I did consider just implementing get_user_sg() (actually 4 years ago),
but that cements the use of sg as both an input and output data structure
for DMA mapping, which I am under the impression we're trying to get
away from.

> Also 16 entries is way to small, it should be at least a whole PMD
> worth so we don't have to relock the PMD level each iteration.
>
> I would like to see a flow more like:
>
> cpu_phyr_list = get_user_phyr(uptr, 1G);
> dma_phyr_list = dma_map_phyr(device, cpu_phyr_list);
> [..]
> dma_unmap_phyr(device, dma_phyr_list);
> unpin_drity_free(cpu_phy_list);
>
> Where dma_map_phyr() can build a temporary SGL for old iommu drivers
> compatability. iommu drivers would want to implement natively, of
> course.
>
> ie no loops in drivers.

Let me just rewrite that for you ...

umem->phyrs = get_user_phyrs(addr, size, &umem->phyr_len);
umem->sgt = dma_map_phyrs(device, umem->phyrs, umem->phyr_len,
DMA_BIDIRECTIONAL, dma_attr);
...
dma_unmap_phyr(device, umem->phyrs, umem->phyr_len, umem->sgt->sgl,
umem->sgt->nents, DMA_BIDIRECTIONAL, dma_attr);
sg_free_table(umem->sgt);
free_user_phyrs(umem->phyrs, umem->phyr_len);

> > The question is whether this is the right kind of optimisation to be
> > doing. I hear you that we want a dense format, but it's questionable
> > whether the kind of thing you're suggesting is actually denser than this
> > scheme. For example, if we have 1GB pages and userspace happens to have
> > allocated pages (3, 4, 5, 6, 7, 8, 9, 10) then this can be represented
> > as a single phyr. A power-of-two scheme would have us use four entries
> > (3, 4-7, 8-9, 10).
>
> That is not quite what I had in mind..
>
> struct phyr_list {
> unsigned int first_page_offset_bytes;
> size_t total_length_bytes;
> phys_addr_t min_alignment;
> struct packed_phyr *list_of_pages;
> };
>
> Where each 'packed_phyr' is an aligned page of some kind. The packing
> has to be able to represent any number of pfns, so we have four major
> cases:
> - 4k pfns (use 8 bytes)
> - Natural order pfn (use 8 bytes)
> - 4k aligned pfns, arbitary number (use 12 bytes)
> - <4k aligned, arbitary length (use 16 bytes?)
>
> In all cases the interior pages are fully used, only the first and
> last page is sliced based on the two parameters in the phyr_list.

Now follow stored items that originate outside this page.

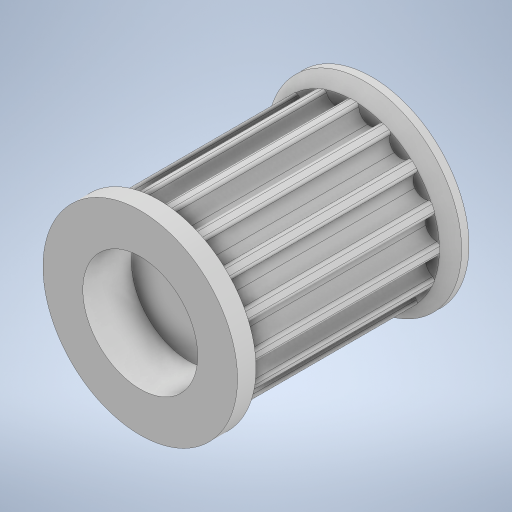
# Autodesk Inventor part: y_idler_teeth
Saved by Autodesk Inventor 2023 (Build 270158030, 158C)
## iProperties
Created: 2022-06-27
Part Number: y_idler_teeth
Material: 一般
Document SubType Name: Modeling
Designer: user
Density: 1 g/cm^3
Appearance: 預設
Author: user
## iProperties of the stored document y_idler_teeth_6mm_3D 列印.ipt
Created: 2022-06-29
Part Number: y_idler_teeth_6mm_3D 列印
Material: 一般
Document SubType Name: Modeling
Designer: user
Density: 1 g/cm^3
Appearance: 預設
Author: user
Autodesk Inventor part; units mm, degrees
ref_plane "YZ Plane" through (0, 0, 0) normal (1, 0, 0) x (0, 1, 0)
ref_plane "XZ Plane" through (0, 0, 0) normal (0, 1, 0) x (-1, 0, 0)
ref_plane "XY Plane" through (0, 0, 0) normal (0, 0, 1) x (1, 0, 0)
sketch "草圖1" plane through (0, 0, 0) normal (0, 0, 1) x (1, 0, 0)
  circle A0 centre (0, 0) radius 4
  arc A1 (0.305, 4.510097) -> (0.786957, 3.921823) centre (0.905, 4.510097) ccw
  arc A2 (-0.786957, 3.921823) -> (-0.305, 4.510097) centre (-0.905, 4.510097) ccw
  line L0 (0, -7) -> (0, 7)
  line L1 (-0.305, 4.510097) -> (0.305, 4.510097)
  line L2 (0.305, 4.510097) -> (0.305, 4.512097)
  line L3 (0.155, 4.662097) -> (-0.155, 4.662097)
  line L4 (-0.305, 4.512097) -> (-0.305, 4.510097)
  arc A3 (-0.155, 4.662097) -> (-0.305, 4.512097) centre (-0.155, 4.512097) ccw
  arc A4 (0.305, 4.512097) -> (0.155, 4.662097) centre (0.155, 4.512097) ccw
  circle A5 centre (0, 0) radius 3.1
  arc A6 (-2.22787, 3.322137) -> (-2.007723, 4.050068) centre (-2.56205, 3.820458) ccw
  line L5 (-1.640906, 4.366532) -> (-1.927309, 4.2479)
  arc A7 (-1.927309, 4.2479) -> (-2.008488, 4.051916) centre (-1.869906, 4.109318) ccw
  arc A8 (-1.444922, 4.285353) -> (-1.640906, 4.366532) centre (-1.583503, 4.22795) ccw
  arc A9 (-1.444156, 4.283505) -> (-0.773764, 3.924448) centre (-0.889828, 4.513115) ccw
  arc A10 (-3.32961, 2.216686) -> (-3.404788, 2.973453) centre (-3.829052, 2.549189) ccw
  line L6 (-3.186999, 3.406202) -> (-3.406202, 3.186999)
  arc A11 (-3.406202, 3.186999) -> (-3.406202, 2.974867) centre (-3.300136, 3.080933) ccw
  arc A12 (-2.974867, 3.406202) -> (-3.186999, 3.406202) centre (-3.080933, 3.300136) ccw
  arc A13 (-2.973453, 3.404788) -> (-2.216686, 3.32961) centre (-2.549189, 3.829052) ccw
  arc A14 (-3.924448, 0.773764) -> (-4.283505, 1.444156) centre (-4.513115, 0.889828) ccw
  line L7 (-4.2479, 1.927309) -> (-4.366532, 1.640906)
  arc A15 (-4.366532, 1.640906) -> (-4.285353, 1.444922) centre (-4.22795, 1.583503) ccw
  arc A16 (-4.051916, 2.008488) -> (-4.2479, 1.927309) centre (-4.109318, 1.869906) ccw
  arc A17 (-4.050068, 2.007723) -> (-3.322137, 2.22787) centre (-3.820458, 2.56205) ccw
  arc A18 (-3.921823, -0.786957) -> (-4.510097, -0.305) centre (-4.510097, -0.905) ccw
  line L8 (-4.662097, 0.155) -> (-4.662097, -0.155)
  arc A19 (-4.662097, -0.155) -> (-4.512097, -0.305) centre (-4.512097, -0.155) ccw
  arc A20 (-4.512097, 0.305) -> (-4.662097, 0.155) centre (-4.512097, 0.155) ccw
  arc A21 (-4.510097, 0.305) -> (-3.921823, 0.786957) centre (-4.510097, 0.905) ccw
  arc A22 (-3.322137, -2.22787) -> (-4.050068, -2.007723) centre (-3.820458, -2.56205) ccw
  line L9 (-4.366532, -1.640906) -> (-4.2479, -1.927309)
  arc A23 (-4.2479, -1.927309) -> (-4.051916, -2.008488) centre (-4.109318, -1.869906) ccw
  arc A24 (-4.285353, -1.444922) -> (-4.366532, -1.640906) centre (-4.22795, -1.583503) ccw
  arc A25 (-4.283505, -1.444156) -> (-3.924448, -0.773764) centre (-4.513115, -0.889828) ccw
  arc A26 (-2.216686, -3.32961) -> (-2.973453, -3.404788) centre (-2.549189, -3.829052) ccw
  line L10 (-3.406202, -3.186999) -> (-3.186999, -3.406202)
  arc A27 (-3.186999, -3.406202) -> (-2.974867, -3.406202) centre (-3.080933, -3.300136) ccw
  arc A28 (-3.406202, -2.974867) -> (-3.406202, -3.186999) centre (-3.300136, -3.080933) ccw
  arc A29 (-3.404788, -2.973453) -> (-3.32961, -2.216686) centre (-3.829052, -2.549189) ccw
  arc A30 (-0.773764, -3.924448) -> (-1.444156, -4.283505) centre (-0.889828, -4.513115) ccw
  line L11 (-1.927309, -4.2479) -> (-1.640906, -4.366532)
  arc A31 (-1.640906, -4.366532) -> (-1.444922, -4.285353) centre (-1.583503, -4.22795) ccw
  arc A32 (-2.008488, -4.051916) -> (-1.927309, -4.2479) centre (-1.869906, -4.109318) ccw
  arc A33 (-2.007723, -4.050068) -> (-2.22787, -3.322137) centre (-2.56205, -3.820458) ccw
  arc A34 (0.786957, -3.921823) -> (0.305, -4.510097) centre (0.905, -4.510097) ccw
  line L12 (-0.155, -4.662097) -> (0.155, -4.662097)
  arc A35 (0.155, -4.662097) -> (0.305, -4.512097) centre (0.155, -4.512097) ccw
  arc A36 (-0.305, -4.512097) -> (-0.155, -4.662097) centre (-0.155, -4.512097) ccw
  arc A37 (-0.305, -4.510097) -> (-0.786957, -3.921823) centre (-0.905, -4.510097) ccw
  arc A38 (2.22787, -3.322137) -> (2.007723, -4.050068) centre (2.56205, -3.820458) ccw
  line L13 (1.640906, -4.366532) -> (1.927309, -4.2479)
  arc A39 (1.927309, -4.2479) -> (2.008488, -4.051916) centre (1.869906, -4.109318) ccw
  arc A40 (1.444922, -4.285353) -> (1.640906, -4.366532) centre (1.583503, -4.22795) ccw
  arc A41 (1.444156, -4.283505) -> (0.773764, -3.924448) centre (0.889828, -4.513115) ccw
  arc A42 (3.32961, -2.216686) -> (3.404788, -2.973453) centre (3.829052, -2.549189) ccw
  line L14 (3.186999, -3.406202) -> (3.406202, -3.186999)
  arc A43 (3.406202, -3.186999) -> (3.406202, -2.974867) centre (3.300136, -3.080933) ccw
  arc A44 (2.974867, -3.406202) -> (3.186999, -3.406202) centre (3.080933, -3.300136) ccw
  arc A45 (2.973453, -3.404788) -> (2.216686, -3.32961) centre (2.549189, -3.829052) ccw
  arc A46 (3.924448, -0.773764) -> (4.283505, -1.444156) centre (4.513115, -0.889828) ccw
  line L15 (4.2479, -1.927309) -> (4.366532, -1.640906)
  arc A47 (4.366532, -1.640906) -> (4.285353, -1.444922) centre (4.22795, -1.583503) ccw
  arc A48 (4.051916, -2.008488) -> (4.2479, -1.927309) centre (4.109318, -1.869906) ccw
  arc A49 (4.050068, -2.007723) -> (3.322137, -2.22787) centre (3.820458, -2.56205) ccw
  arc A50 (3.921823, 0.786957) -> (4.510097, 0.305) centre (4.510097, 0.905) ccw
  line L16 (4.662097, -0.155) -> (4.662097, 0.155)
  arc A51 (4.662097, 0.155) -> (4.512097, 0.305) centre (4.512097, 0.155) ccw
  arc A52 (4.512097, -0.305) -> (4.662097, -0.155) centre (4.512097, -0.155) ccw
  arc A53 (4.510097, -0.305) -> (3.921823, -0.786957) centre (4.510097, -0.905) ccw
  arc A54 (3.322137, 2.22787) -> (4.050068, 2.007723) centre (3.820458, 2.56205) ccw
  line L17 (4.366532, 1.640906) -> (4.2479, 1.927309)
  arc A55 (4.2479, 1.927309) -> (4.051916, 2.008488) centre (4.109318, 1.869906) ccw
  arc A56 (4.285353, 1.444922) -> (4.366532, 1.640906) centre (4.22795, 1.583503) ccw
  arc A57 (4.283505, 1.444156) -> (3.924448, 0.773764) centre (4.513115, 0.889828) ccw
  arc A58 (2.216686, 3.32961) -> (2.973453, 3.404788) centre (2.549189, 3.829052) ccw
  line L18 (3.406202, 3.186999) -> (3.186999, 3.406202)
  arc A59 (3.186999, 3.406202) -> (2.974867, 3.406202) centre (3.080933, 3.300136) ccw
  arc A60 (3.406202, 2.974867) -> (3.406202, 3.186999) centre (3.300136, 3.080933) ccw
  arc A61 (3.404788, 2.973453) -> (3.32961, 2.216686) centre (3.829052, 2.549189) ccw
  arc A62 (0.773764, 3.924448) -> (1.444156, 4.283505) centre (0.889828, 4.513115) ccw
  line L19 (1.927309, 4.2479) -> (1.640906, 4.366532)
  arc A63 (1.640906, 4.366532) -> (1.444922, 4.285353) centre (1.583503, 4.22795) ccw
  arc A64 (2.008488, 4.051916) -> (1.927309, 4.2479) centre (1.869906, 4.109318) ccw
  arc A65 (2.007723, 4.050068) -> (2.22787, 3.322137) centre (2.56205, 3.820458) ccw
  circle A66 centre (0, 0) radius 5
  line L20 (-1.444925, 4.28536) -> (-1.444156, 4.283505)
  line L21 (-2.008488, 4.051916) -> (-2.007723, 4.050068)
  line L22 (-3.406202, 2.974867) -> (-3.404788, 2.973453)
  line L23 (-2.974873, 3.406208) -> (-2.973453, 3.404788)
  line L24 (-4.285353, 1.444922) -> (-4.283505, 1.444156)
  line L25 (-4.051923, 2.008491) -> (-4.050068, 2.007723)
  line L26 (-4.512097, -0.305) -> (-4.510097, -0.305)
  line L27 (-4.512105, 0.305) -> (-4.510097, 0.305)
  line L28 (-4.051916, -2.008488) -> (-4.050068, -2.007723)
  line L29 (-4.28536, -1.444925) -> (-4.283505, -1.444156)
  line L30 (-2.974867, -3.406202) -> (-2.973453, -3.404788)
  line L31 (-3.406208, -2.974873) -> (-3.404788, -2.973453)
  line L32 (-1.444922, -4.285353) -> (-1.444156, -4.283505)
  line L33 (-2.008491, -4.051923) -> (-2.007723, -4.050068)
  line L34 (0.305, -4.512097) -> (0.305, -4.510097)
  line L35 (-0.305, -4.512105) -> (-0.305, -4.510097)
  line L36 (2.008488, -4.051916) -> (2.007723, -4.050068)
  line L37 (1.444925, -4.28536) -> (1.444156, -4.283505)
  line L38 (3.406202, -2.974867) -> (3.404788, -2.973453)
  line L39 (2.974873, -3.406208) -> (2.973453, -3.404788)
  line L40 (4.285353, -1.444922) -> (4.283505, -1.444156)
  line L41 (4.051923, -2.008491) -> (4.050068, -2.007723)
  line L42 (4.512097, 0.305) -> (4.510097, 0.305)
  line L43 (4.512105, -0.305) -> (4.510097, -0.305)
  line L44 (4.051916, 2.008488) -> (4.050068, 2.007723)
  line L45 (4.28536, 1.444925) -> (4.283505, 1.444156)
  line L46 (2.974867, 3.406202) -> (2.973453, 3.404788)
  line L47 (3.406208, 2.974873) -> (3.404788, 2.973453)
  line L48 (1.444922, 4.285353) -> (1.444156, 4.283505)
  line L49 (2.008491, 4.051923) -> (2.007723, 4.050068)
  line L50 (-0.305, 4.512097) -> (-0.305, 4.510097)
  line L51 (0.305, 4.512105) -> (0.305, 4.510097)
  circle A67 centre (0, 0) radius 2
  point P0 (-0.78037, 3.923184)
  point P1 (-2.222305, 3.325914)
  point P2 (-3.404788, 2.973453)
  point P3 (-3.325914, 2.222305)
  point P4 (-3.923184, 0.78037)
  point P5 (-4.512097, 0.305)
  point P6 (-4.512097, -0.305)
  point P7 (-4.510097, -0.305)
  point P8 (-3.923184, -0.78037)
  point P9 (-4.283505, -1.444156)
  point P10 (-3.325914, -2.222305)
  point P11 (-2.222305, -3.325914)
  point P12 (-0.78037, -3.923184)
  point P13 (-0.305, -4.512097)
  point P14 (0.305, -4.512097)
  point P15 (0.78037, -3.923184)
  point P16 (2.222305, -3.325914)
  point P17 (3.325914, -2.222305)
  point P18 (4.283505, -1.444156)
  point P19 (3.923184, -0.78037)
  point P20 (4.512097, -0.305)
  point P21 (4.512097, 0.305)
  point P22 (3.923184, 0.78037)
  point P23 (4.283505, 1.444156)
  point P24 (4.051916, 2.008488)
  point P25 (3.325914, 2.222305)
  point P26 (2.973453, 3.404788)
  point P27 (2.222305, 3.325914)
  point P28 (1.444922, 4.285353)
  point P29 (0.78037, 3.923184)
  dimension "d0" = 8
  dimension "d1" = 1.2
  dimension "d2" = 0.61
  dimension "d3" = 0.15
  dimension "d4" = 0.152
  dimension "d5" = 6.2
  dimension "d8" = 360
  dimension "d10" = 10
  dimension "d13" = 360
  dimension "d20" = 4
  constraints: 130 point on circle, 102 end point, 68 centre point, 8 tangent, 4 coincident, 3 parallel, 1 equal radius, 1 horizontal, 1 perpendicular, 1 symmetric about line, 370 other
  measures "d0" diameter of A0
  measures "d1" diameter of A2
  measures "d2" distance of L1.start L1.end
  measures "d3" radius of A3
  measures "d4" distance between parallel lines of L1 L3
  measures "d5" diameter of A5
  measures "d10" diameter of A66
  measures "d20" diameter of A67
extrude "擠出1" add sketch "草圖1" along normal mid plane 10.5 contours A0 L0 A5 | A0 A50 A51 L16 A52 A53 | A0 A54 A55 L17 A56 A57 | A46 A47 L15 A48 A49 A0 | A0 A58 A59 L18 A60 A61 | A42 A43 L14 A44 A45 A0 | A0 A62 A63 L19 A64 A65 | A38 A39 L13 A40 A41 A0 | A0 L0 L1 A1 | A34 A35 L12 L0 A0 | L0 A5 A0 | A0 A2 L1 L0 | L1 L0 L3 A4 | L0 L12 A36 A37 A0 | L1 A3 L3 L0 | A0 A6 A7 L5 A8 A9 | A30 A31 L11 A32 A33 A0 | A0 A10 A11 L6 A12 A13 | A26 A27 L10 A28 A29 A0 | A0 A14 A15 L7 A16 A17 | A22 A23 L9 A24 A25 A0 | A0 A18 A19 L8 A20 A21
sketch "草圖2" plane through (0, 0, 5.25) normal (0, 0, 1) x (1, 0, 0)
  arc A0 (-1.444922, 4.285353) -> (-0.78037, 3.923184) centre (-0.889827, 4.513123) ccw
  arc A1 (-1.444922, 4.285353) -> (-1.640906, 4.366532) centre (-1.583503, 4.22795) ccw
  line L0 (-1.640906, 4.366532) -> (-1.927309, 4.2479)
  arc A2 (-1.927309, 4.2479) -> (-2.008488, 4.051916) centre (-1.869906, 4.109318) ccw
  arc A3 (-2.222305, 3.325914) -> (-2.008488, 4.051916) centre (-2.562057, 3.820462) ccw
  arc A4 (-2.974867, 3.406202) -> (-2.222305, 3.325914) centre (-2.54919, 3.829059) ccw
  arc A5 (-2.974867, 3.406202) -> (-3.186999, 3.406202) centre (-3.080933, 3.300136) ccw
  line L1 (-3.186999, 3.406202) -> (-3.406202, 3.186999)
  arc A6 (-3.406202, 3.186999) -> (-3.406202, 2.974867) centre (-3.300136, 3.080933) ccw
  arc A7 (-3.325914, 2.222305) -> (-3.406202, 2.974867) centre (-3.829059, 2.54919) ccw
  arc A8 (-4.051916, 2.008488) -> (-3.325914, 2.222305) centre (-3.820462, 2.562057) ccw
  arc A9 (-4.051916, 2.008488) -> (-4.2479, 1.927309) centre (-4.109318, 1.869906) ccw
  line L2 (-4.2479, 1.927309) -> (-4.366532, 1.640906)
  arc A10 (-4.366532, 1.640906) -> (-4.285353, 1.444922) centre (-4.22795, 1.583503) ccw
  arc A11 (-3.923184, 0.78037) -> (-4.285353, 1.444922) centre (-4.513123, 0.889827) ccw
  arc A12 (-4.512097, 0.305) -> (-3.923184, 0.78037) centre (-4.510104, 0.905004) ccw
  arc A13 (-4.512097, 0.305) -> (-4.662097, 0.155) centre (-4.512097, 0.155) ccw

This kind of representation works for a virtually contiguous range.
Unfortunately, that's not sufficient for some bio users (as I discovered
after getting a representation like this enshrined in the NVMe spec as
the PRP List).

> The last case is, perhaps, a possible route to completely replace
> scatterlist. Few places need true byte granularity for interior pages,
> so we can invent some coding to say 'this is 8 byte aligned, and n
> bytes long' that only fits < 4k or something. Exceptional cases can
> then still work. I'm not sure what block needs here - is it just 512?

Replacing scatterlist is not my goal. That seems like a lot more work
for little gain. I just want to delete page_link, offset and length
from struct scatterlist. Given the above sequence of calls, we're going
to get sg lists that aren't chained. They may have to be vmalloced,
but they should be contiguous.

> I would imagine a few steps to this process:
> 1) 'phyr_list' datastructure, with chaining, pre-allocation, etc
> 2) Wrapper around existing gup to get a phyr_list for user VA
> 3) Compat 'dma_map_phyr()' that coverts a phyr_list to a sgl and back
> (However, with full performance for iommu passthrough)
> 4) Patches changing RDMA/VFIO/DRM to this API
> 5) Patches optimizing get_user_phyr()
> 6) Patches implementing dma_map_phyr in the AMD or Intel IOMMU driver

I was thinking ...

1. get_user_phyrs() & free_user_phyrs()
2. dma_map_phyrs() and dma_unmap_phyrs() wrappers that create a
scatterlist from phyrs and call dma_map_sg() / dma_unmap_sg() to work
with current IOMMU drivers
3. Convert umem to work with it
4-n. Hand it off to people who can implement dma_map_phyrs() properly
and do the hard work of converting all the drivers.